PR can be used to build rapport with employees, customers, investors, voters, or the general public. Almost any organization that has a stake in how it is portrayed in the public arena employs some level of public relations. A number of specialties exist within the field of public relations, such as Investor Relations or Labor Relations.

Definition

''See more at History of public relations
The Public Relations Society of America (PRSA) claimed in 1988: "Public relations helps an organization and its publics adapt mutually to each other. According to the PRSA, the essential functions of public relations include research, planning, communications dialogue and evaluation.

Edward Louis Bernays, who is considered the founding father of modern public relations along with Ivy Lee, in the early 1900s defined public relations as a management function which tabulates public attitudes, defines the policies, procedures and interests of an organization. . . followed by executing a program of action to earn public understanding and acceptance" (see history of public relations).

Today, "Public Relations is a set of management, supervisory, and technical functions that foster an organization's ability to strategically listen to, appreciate, and respond to those persons whose mutually beneficial relationships with the organization are necessary if it is to achieve its missions and values." Essentially it is a management function that focuses on two-way communication and fostering of mutually beneficial relationships between an organization and its publics.

Building and managing relationships with those who influence an organization or individual’s important audiences has a central role in doing public relations.

Agency and corporate PR

For PR practitioners and decision-makers the difference between agency and corporate PR teams is a fundamental dividing line for the profession. For smaller organizations, a PR agency is often their only source of PR counsel and work, while larger organizations typically work in a hybrid model with an internal PR team and an outside agency team. Still others have an internal team without an agency at all.

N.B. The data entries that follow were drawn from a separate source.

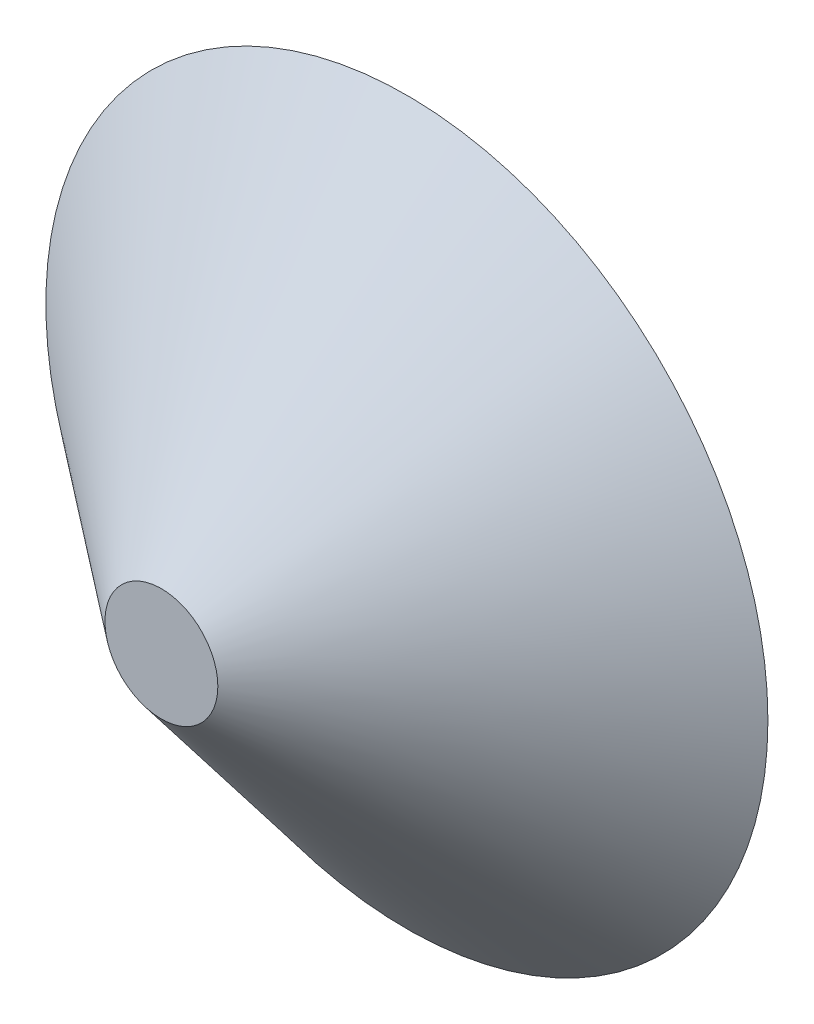
ISO-10303-21;
HEADER;
FILE_DESCRIPTION(('STEP AP214'),'2;1');
FILE_NAME('part.step','',(''),(''),'','','');
FILE_SCHEMA(('AUTOMOTIVE_DESIGN { 1 0 10303 214 1 1 1 1 }'));
ENDSEC;
DATA;
#1=APPLICATION_CONTEXT('core data for automotive mechanical design processes');
#2=APPLICATION_PROTOCOL_DEFINITION('international standard','automotive_design',2000,#1);
#3=PRODUCT_CONTEXT('',#1,'mechanical');
#4=PRODUCT('Part','Part','',(#3));
#5=PRODUCT_RELATED_PRODUCT_CATEGORY('part','',(#4));
#6=PRODUCT_DEFINITION_FORMATION('','',#4);
#7=PRODUCT_DEFINITION_CONTEXT('part definition',#1,'design');
#8=PRODUCT_DEFINITION('design','',#6,#7);
#9=PRODUCT_DEFINITION_SHAPE('','',#8);
#10=(LENGTH_UNIT() NAMED_UNIT(*) SI_UNIT(.MILLI.,.METRE.));
#11=(NAMED_UNIT(*) PLANE_ANGLE_UNIT() SI_UNIT($,.RADIAN.));
#12=(NAMED_UNIT(*) SI_UNIT($,.STERADIAN.) SOLID_ANGLE_UNIT());
#13=UNCERTAINTY_MEASURE_WITH_UNIT(LENGTH_MEASURE(1.E-05),#10,'distance_accuracy_value','');
#14=(GEOMETRIC_REPRESENTATION_CONTEXT(3) GLOBAL_UNCERTAINTY_ASSIGNED_CONTEXT((#13)) GLOBAL_UNIT_ASSIGNED_CONTEXT((#10,
#11,#12)) REPRESENTATION_CONTEXT('',''));
#15=CARTESIAN_POINT('',(0.,0.,0.));
#16=DIRECTION('',(0.,0.,1.));
#17=DIRECTION('',(1.,0.,0.));
#18=AXIS2_PLACEMENT_3D('',#15,#16,#17);
#19=CARTESIAN_POINT('',(0.,0.,0.));
#20=DIRECTION('',(0.,0.,-1.));
#21=DIRECTION('',(1.,0.,0.));
#22=AXIS2_PLACEMENT_3D('',#19,#20,#21);
#23=CONICAL_SURFACE('',#22,140.,0.892386846544703);
#24=CARTESIAN_POINT('',(0.,0.,95.2));
#25=DIRECTION('',(0.,0.,1.));
#26=DIRECTION('',(1.,0.,0.));
#27=AXIS2_PLACEMENT_3D('',#24,#25,#26);
#28=CIRCLE('',#27,21.8908586619484);
#29=CARTESIAN_POINT('',(21.8908586619484,0.,95.2));
#30=VERTEX_POINT('',#29);
#31=EDGE_CURVE('E10',#30,#30,#28,.T.);
#32=CARTESIAN_POINT('',(0.,0.,0.));
#33=DIRECTION('',(0.,0.,1.));
#34=DIRECTION('',(1.,0.,0.));
#35=AXIS2_PLACEMENT_3D('',#32,#33,#34);
#36=CIRCLE('',#35,140.);
#37=CARTESIAN_POINT('',(140.,0.,0.));
#38=VERTEX_POINT('',#37);
#39=EDGE_CURVE('E39',#38,#38,#36,.T.);
#40=CARTESIAN_POINT('',(21.8908586619484,0.,95.2));
#41=CARTESIAN_POINT('',(23.1211622175531,0.,94.2083333333333));
#42=CARTESIAN_POINT('',(24.3514657731578,0.,93.2166666666667));
#43=CARTESIAN_POINT('',(26.8120728843672,0.,91.2333333333333));
#44=CARTESIAN_POINT('',(28.0423764399719,0.,90.2416666666667));
#45=CARTESIAN_POINT('',(30.5029835511813,0.,88.2583333333333));
#46=CARTESIAN_POINT('',(31.733287106786,0.,87.2666666666667));
#47=CARTESIAN_POINT('',(34.1938942179955,0.,85.2833333333333));
#48=CARTESIAN_POINT('',(35.4241977736002,0.,84.2916666666667));
#49=CARTESIAN_POINT('',(37.8848048848096,0.,82.3083333333334));
#50=CARTESIAN_POINT('',(39.1151084404143,0.,81.3166666666667));
#51=CARTESIAN_POINT('',(41.5757155516237,0.,79.3333333333333));
#52=CARTESIAN_POINT('',(42.8060191072284,0.,78.3416666666667));
#53=CARTESIAN_POINT('',(45.2666262184378,0.,76.3583333333333));
#54=CARTESIAN_POINT('',(46.4969297740425,0.,75.3666666666667));
#55=CARTESIAN_POINT('',(48.9575368852519,0.,73.3833333333333));
#56=CARTESIAN_POINT('',(50.1878404408566,0.,72.3916666666667));
#57=CARTESIAN_POINT('',(52.648447552066,0.,70.4083333333333));
#58=CARTESIAN_POINT('',(53.8787511076707,0.,69.4166666666667));
#59=CARTESIAN_POINT('',(56.3393582188801,0.,67.4333333333334));
#60=CARTESIAN_POINT('',(57.5696617744848,0.,66.4416666666667));
#61=CARTESIAN_POINT('',(60.0302688856943,0.,64.4583333333333));
#62=CARTESIAN_POINT('',(61.260572441299,0.,63.4666666666667));
#63=CARTESIAN_POINT('',(63.7211795525084,0.,61.4833333333333));
#64=CARTESIAN_POINT('',(64.9514831081131,0.,60.4916666666667));
#65=CARTESIAN_POINT('',(67.4120902193225,0.,58.5083333333333));
#66=CARTESIAN_POINT('',(68.6423937749272,0.,57.5166666666667));
#67=CARTESIAN_POINT('',(71.1030008861366,0.,55.5333333333333));
#68=CARTESIAN_POINT('',(72.3333044417413,0.,54.5416666666667));
#69=CARTESIAN_POINT('',(74.7939115529507,0.,52.5583333333333));
#70=CARTESIAN_POINT('',(76.0242151085554,0.,51.5666666666667));
#71=CARTESIAN_POINT('',(78.4848222197648,0.,49.5833333333333));
#72=CARTESIAN_POINT('',(79.7151257753695,0.,48.5916666666667));
#73=CARTESIAN_POINT('',(82.1757328865789,0.,46.6083333333333));
#74=CARTESIAN_POINT('',(83.4060364421836,0.,45.6166666666667));
#75=CARTESIAN_POINT('',(85.866643553393,0.,43.6333333333333));
#76=CARTESIAN_POINT('',(87.0969471089978,0.,42.6416666666667));
#77=CARTESIAN_POINT('',(89.5575542202072,0.,40.6583333333333));
#78=CARTESIAN_POINT('',(90.7878577758119,0.,39.6666666666667));
#79=CARTESIAN_POINT('',(93.2484648870213,0.,37.6833333333333));
#80=CARTESIAN_POINT('',(94.478768442626,0.,36.6916666666667));
#81=CARTESIAN_POINT('',(96.9393755538354,0.,34.7083333333333));
#82=CARTESIAN_POINT('',(98.1696791094401,0.,33.7166666666667));
#83=CARTESIAN_POINT('',(100.630286220649,0.,31.7333333333333));
#84=CARTESIAN_POINT('',(101.860589776254,0.,30.7416666666667));
#85=CARTESIAN_POINT('',(104.321196887464,0.,28.7583333333333));
#86=CARTESIAN_POINT('',(105.551500443068,0.,27.7666666666667));
#87=CARTESIAN_POINT('',(108.012107554278,0.,25.7833333333333));
#88=CARTESIAN_POINT('',(109.242411109882,0.,24.7916666666667));
#89=CARTESIAN_POINT('',(111.703018221092,0.,22.8083333333333));
#90=CARTESIAN_POINT('',(112.933321776697,0.,21.8166666666667));
#91=CARTESIAN_POINT('',(115.393928887906,0.,19.8333333333333));
#92=CARTESIAN_POINT('',(116.624232443511,0.,18.8416666666667));
#93=CARTESIAN_POINT('',(119.08483955472,0.,16.8583333333333));
#94=CARTESIAN_POINT('',(120.315143110325,0.,15.8666666666667));
#95=CARTESIAN_POINT('',(122.775750221534,0.,13.8833333333333));
#96=CARTESIAN_POINT('',(124.006053777139,0.,12.8916666666667));
#97=CARTESIAN_POINT('',(126.466660888348,0.,10.9083333333333));
#98=CARTESIAN_POINT('',(127.696964443953,0.,9.91666666666667));
#99=CARTESIAN_POINT('',(130.157571555162,0.,7.93333333333333));
#100=CARTESIAN_POINT('',(131.387875110767,0.,6.94166666666667));
#101=CARTESIAN_POINT('',(133.848482221977,0.,4.95833333333333));
#102=CARTESIAN_POINT('',(135.078785777581,0.,3.96666666666667));
#103=CARTESIAN_POINT('',(137.539392888791,0.,1.98333333333334));
#104=CARTESIAN_POINT('',(138.769696444395,0.,0.991666666666666));
#105=CARTESIAN_POINT('',(140.,0.,0.));
#106=B_SPLINE_CURVE_WITH_KNOTS('',3,(#40,#41,#42,#43,#44,#45,#46,#47,#48,#49,#50,#51,#52,#53,
#54,#55,#56,#57,#58,#59,#60,#61,#62,#63,#64,#65,#66,#67,#68,#69,#70,#71,#72,#73,#74,#75,#76,#77,
#78,#79,#80,#81,#82,#83,#84,#85,#86,#87,#88,#89,#90,#91,#92,#93,#94,#95,#96,#97,#98,#99,#100,
#101,#102,#103,#104,#105),.UNSPECIFIED.,.F.,.F.,(4,2,2,2,2,2,2,2,2,2,2,2,2,2,2,2,2,2,2,2,2,2,2,
2,2,2,2,2,2,2,2,2,4),(0.,4.74061668460996,9.48123336921989,14.2218500538298,18.9624667384398,
23.7030834230497,28.4437001076597,33.1843167922696,37.9249334768796,42.6655501614895,
47.4061668460995,52.1467835307094,56.8874002153194,61.6280168999293,66.3686335845393,
71.1092502691492,75.8498669537592,80.5904836383691,85.331100322979,90.071717007589,
94.8123336921989,99.5529503768089,104.293567061419,109.034183746029,113.774800430639,
118.515417115249,123.256033799859,127.996650484469,132.737267169079,137.477883853688,
142.218500538298,146.959117222908,151.699733907518),.UNSPECIFIED.);
#107=EDGE_CURVE('BSEAM33',#30,#38,#106,.T.);
#108=ORIENTED_EDGE('',*,*,#31,.F.);
#109=ORIENTED_EDGE('',*,*,#39,.T.);
#110=ORIENTED_EDGE('',*,*,#107,.T.);
#111=ORIENTED_EDGE('',*,*,#107,.F.);
#112=EDGE_LOOP('',(#108,#110,#109,#111));
#113=FACE_BOUND('',#112,.T.);
#114=ADVANCED_FACE('F33',(#113),#23,.T.);
#115=CARTESIAN_POINT('',(0.,0.,95.2));
#116=DIRECTION('',(0.,0.,1.));
#117=DIRECTION('',(1.,0.,0.));
#118=AXIS2_PLACEMENT_3D('',#115,#116,#117);
#119=PLANE('',#118);
#120=ORIENTED_EDGE('',*,*,#31,.T.);
#121=EDGE_LOOP('',(#120));
#122=FACE_BOUND('',#121,.T.);
#123=ADVANCED_FACE('F67',(#122),#119,.T.);
#124=CARTESIAN_POINT('',(0.,0.,0.));
#125=DIRECTION('',(0.,0.,1.));
#126=DIRECTION('',(1.,0.,0.));
#127=AXIS2_PLACEMENT_3D('',#124,#125,#126);
#128=PLANE('',#127);
#129=CARTESIAN_POINT('',(0.,0.,0.));
#130=DIRECTION('',(0.,0.,1.));
#131=DIRECTION('',(1.,0.,0.));
#132=AXIS2_PLACEMENT_3D('',#129,#130,#131);
#133=CIRCLE('',#132,129.992916712823);
#134=CARTESIAN_POINT('',(129.992916712823,0.,0.));
#135=VERTEX_POINT('',#134);
#136=EDGE_CURVE('E47',#135,#135,#133,.T.);
#137=ORIENTED_EDGE('',*,*,#136,.T.);
#138=EDGE_LOOP('',(#137));
#139=FACE_BOUND('',#138,.T.);
#140=ORIENTED_EDGE('',*,*,#39,.F.);
#141=EDGE_LOOP('',(#140));
#142=FACE_BOUND('',#141,.T.);
#143=ADVANCED_FACE('F53',(#139,#142),#128,.F.);
#144=CARTESIAN_POINT('',(0.,0.,-4.88943117102069));
#145=DIRECTION('',(0.,0.,-1.));
#146=DIRECTION('',(1.,0.,0.));
#147=AXIS2_PLACEMENT_3D('',#144,#145,#146);
#148=CONICAL_SURFACE('',#147,136.058951557789,0.892386846544703);
#149=CARTESIAN_POINT('',(0.,0.,90.2));
#150=DIRECTION('',(0.,0.,1.));
#151=DIRECTION('',(1.,0.,0.));
#152=AXIS2_PLACEMENT_3D('',#149,#150,#151);
#153=CIRCLE('',#152,18.0869865795014);
#154=CARTESIAN_POINT('',(18.0869865795014,0.,90.2));
#155=VERTEX_POINT('',#154);
#156=EDGE_CURVE('E43',#155,#155,#153,.T.);
#157=CARTESIAN_POINT('',(18.0869865795014,0.,90.2));
#158=CARTESIAN_POINT('',(19.2526733517235,0.,89.2604166666666));
#159=CARTESIAN_POINT('',(20.4183601239456,0.,88.3208333333333));
#160=CARTESIAN_POINT('',(22.7497336683898,0.,86.4416666666666));
#161=CARTESIAN_POINT('',(23.9154204406119,0.,85.5020833333333));
#162=CARTESIAN_POINT('',(26.2467939850561,0.,83.6229166666667));
#163=CARTESIAN_POINT('',(27.4124807572782,0.,82.6833333333333));
#164=CARTESIAN_POINT('',(29.7438543017225,0.,80.8041666666667));
#165=CARTESIAN_POINT('',(30.9095410739446,0.,79.8645833333333));
#166=CARTESIAN_POINT('',(33.2409146183888,0.,77.9854166666667));
#167=CARTESIAN_POINT('',(34.4066013906109,0.,77.0458333333333));
#168=CARTESIAN_POINT('',(36.7379749350551,0.,75.1666666666667));
#169=CARTESIAN_POINT('',(37.9036617072772,0.,74.2270833333333));
#170=CARTESIAN_POINT('',(40.2350352517214,0.,72.3479166666666));
#171=CARTESIAN_POINT('',(41.4007220239435,0.,71.4083333333333));
#172=CARTESIAN_POINT('',(43.7320955683877,0.,69.5291666666667));
#173=CARTESIAN_POINT('',(44.8977823406098,0.,68.5895833333333));
#174=CARTESIAN_POINT('',(47.229155885054,0.,66.7104166666667));
#175=CARTESIAN_POINT('',(48.3948426572761,0.,65.7708333333333));
#176=CARTESIAN_POINT('',(50.7262162017203,0.,63.8916666666667));
#177=CARTESIAN_POINT('',(51.8919029739424,0.,62.9520833333333));
#178=CARTESIAN_POINT('',(54.2232765183867,0.,61.0729166666666));
#179=CARTESIAN_POINT('',(55.3889632906088,0.,60.1333333333333));
#180=CARTESIAN_POINT('',(57.720336835053,0.,58.2541666666666));
#181=CARTESIAN_POINT('',(58.8860236072751,0.,57.3145833333333));
#182=CARTESIAN_POINT('',(61.2173971517193,0.,55.4354166666667));
#183=CARTESIAN_POINT('',(62.3830839239414,0.,54.4958333333333));
#184=CARTESIAN_POINT('',(64.7144574683856,0.,52.6166666666667));
#185=CARTESIAN_POINT('',(65.8801442406077,0.,51.6770833333333));
#186=CARTESIAN_POINT('',(68.2115177850519,0.,49.7979166666667));
#187=CARTESIAN_POINT('',(69.377204557274,0.,48.8583333333333));
#188=CARTESIAN_POINT('',(71.7085781017182,0.,46.9791666666667));
#189=CARTESIAN_POINT('',(72.8742648739403,0.,46.0395833333333));
#190=CARTESIAN_POINT('',(75.2056384183845,0.,44.1604166666667));
#191=CARTESIAN_POINT('',(76.3713251906066,0.,43.2208333333333));
#192=CARTESIAN_POINT('',(78.7026987350508,0.,41.3416666666667));
#193=CARTESIAN_POINT('',(79.8683855072729,0.,40.4020833333333));
#194=CARTESIAN_POINT('',(82.1997590517171,0.,38.5229166666667));
#195=CARTESIAN_POINT('',(83.3654458239392,0.,37.5833333333333));
#196=CARTESIAN_POINT('',(85.6968193683835,0.,35.7041666666667));
#197=CARTESIAN_POINT('',(86.8625061406056,0.,34.7645833333333));
#198=CARTESIAN_POINT('',(89.1938796850498,0.,32.8854166666667));
#199=CARTESIAN_POINT('',(90.3595664572719,0.,31.9458333333333));
#200=CARTESIAN_POINT('',(92.6909400017161,0.,30.0666666666667));
#201=CARTESIAN_POINT('',(93.8566267739382,0.,29.1270833333333));
#202=CARTESIAN_POINT('',(96.1880003183824,0.,27.2479166666667));
#203=CARTESIAN_POINT('',(97.3536870906045,0.,26.3083333333333));
#204=CARTESIAN_POINT('',(99.6850606350487,0.,24.4291666666667));
#205=CARTESIAN_POINT('',(100.850747407271,0.,23.4895833333333));
#206=CARTESIAN_POINT('',(103.182120951715,0.,21.6104166666667));
#207=CARTESIAN_POINT('',(104.347807723937,0.,20.6708333333333));
#208=CARTESIAN_POINT('',(106.679181268381,0.,18.7916666666667));
#209=CARTESIAN_POINT('',(107.844868040603,0.,17.8520833333333));
#210=CARTESIAN_POINT('',(110.176241585048,0.,15.9729166666667));
#211=CARTESIAN_POINT('',(111.34192835727,0.,15.0333333333333));
#212=CARTESIAN_POINT('',(113.673301901714,0.,13.1541666666667));
#213=CARTESIAN_POINT('',(114.838988673936,0.,12.2145833333333));
#214=CARTESIAN_POINT('',(117.17036221838,0.,10.3354166666667));
#215=CARTESIAN_POINT('',(118.336048990602,0.,9.39583333333333));
#216=CARTESIAN_POINT('',(120.667422535047,0.,7.51666666666666));
#217=CARTESIAN_POINT('',(121.833109307269,0.,6.57708333333333));
#218=CARTESIAN_POINT('',(124.164482851713,0.,4.69791666666666));
#219=CARTESIAN_POINT('',(125.330169623935,0.,3.75833333333333));
#220=CARTESIAN_POINT('',(127.661543168379,0.,1.87916666666666));
#221=CARTESIAN_POINT('',(128.827229940601,0.,0.93958333333333));
#222=CARTESIAN_POINT('',(129.992916712823,0.,0.));
#223=B_SPLINE_CURVE_WITH_KNOTS('',3,(#157,#158,#159,#160,#161,#162,#163,#164,#165,#166,#167,
#168,#169,#170,#171,#172,#173,#174,#175,#176,#177,#178,#179,#180,#181,#182,#183,#184,#185,#186,
#187,#188,#189,#190,#191,#192,#193,#194,#195,#196,#197,#198,#199,#200,#201,#202,#203,#204,#205,
#206,#207,#208,#209,#210,#211,#212,#213,#214,#215,#216,#217,#218,#219,#220,#221,#222),
.UNSPECIFIED.,.F.,.F.,(4,2,2,2,2,2,2,2,2,2,2,2,2,2,2,2,2,2,2,2,2,2,2,2,2,2,2,2,2,2,2,2,4),(0.,
4.49163471588042,8.98326943176087,13.4749041476413,17.9665388635217,22.4581735794022,
26.9498082952826,31.441443011163,35.9330777270435,40.4247124429239,44.9163471588043,
49.4079818746848,53.8996165905652,58.3912513064456,62.882886022326,67.3745207382065,
71.8661554540869,76.3577901699673,80.8494248858478,85.3410596017282,89.8326943176086,
94.3243290334891,98.8159637493695,103.30759846525,107.79923318113,112.290867897011,
116.782502612891,121.274137328772,125.765772044652,130.257406760533,134.749041476413,
139.240676192293,143.732310908174),.UNSPECIFIED.);
#224=EDGE_CURVE('BSEAM56',#155,#135,#223,.T.);
#225=ORIENTED_EDGE('',*,*,#156,.T.);
#226=ORIENTED_EDGE('',*,*,#136,.F.);
#227=ORIENTED_EDGE('',*,*,#224,.T.);
#228=ORIENTED_EDGE('',*,*,#224,.F.);
#229=EDGE_LOOP('',(#225,#227,#226,#228));
#230=FACE_BOUND('',#229,.T.);
#231=ADVANCED_FACE('F56',(#230),#148,.F.);
#232=CARTESIAN_POINT('',(0.,0.,90.2));
#233=DIRECTION('',(0.,0.,1.));
#234=DIRECTION('',(1.,0.,0.));
#235=AXIS2_PLACEMENT_3D('',#232,#233,#234);
#236=PLANE('',#235);
#237=ORIENTED_EDGE('',*,*,#156,.F.);
#238=EDGE_LOOP('',(#237));
#239=FACE_BOUND('',#238,.T.);
#240=ADVANCED_FACE('F58',(#239),#236,.F.);
#241=CLOSED_SHELL('',(#114,#123,#143,#231,#240));
#242=MANIFOLD_SOLID_BREP('B2',#241);
#243=ADVANCED_BREP_SHAPE_REPRESENTATION('',(#18,#242),#14);
#244=SHAPE_DEFINITION_REPRESENTATION(#9,#243);
ENDSEC;
END-ISO-10303-21;

Agencies leverage their business model to provide resources (experts, tools, resources, information, and media relationships) that can be used for many different clients; resources that may not be sensible for each organization or individual to own and manage themselves. Internal teams that work directly for the organization or individual often have a better understanding of their employer’s business and work within the organization to engage the stakeholders, content providers and decision-makers inside the company.

Smaller firms typically specialize in specific topics and industries while larger firms have access to more resources and experts.

The Industry Today

Advertising dollars in media products from corporations like News Corp., Dow Jones,, and CMP are under rapid decline in favor of direct advertising products offered by search engines and other tools. 11 Traditional media publications are laying off journalists, consolidating beat reporters, shrinking their print editions, and many publications are shutting down entirely.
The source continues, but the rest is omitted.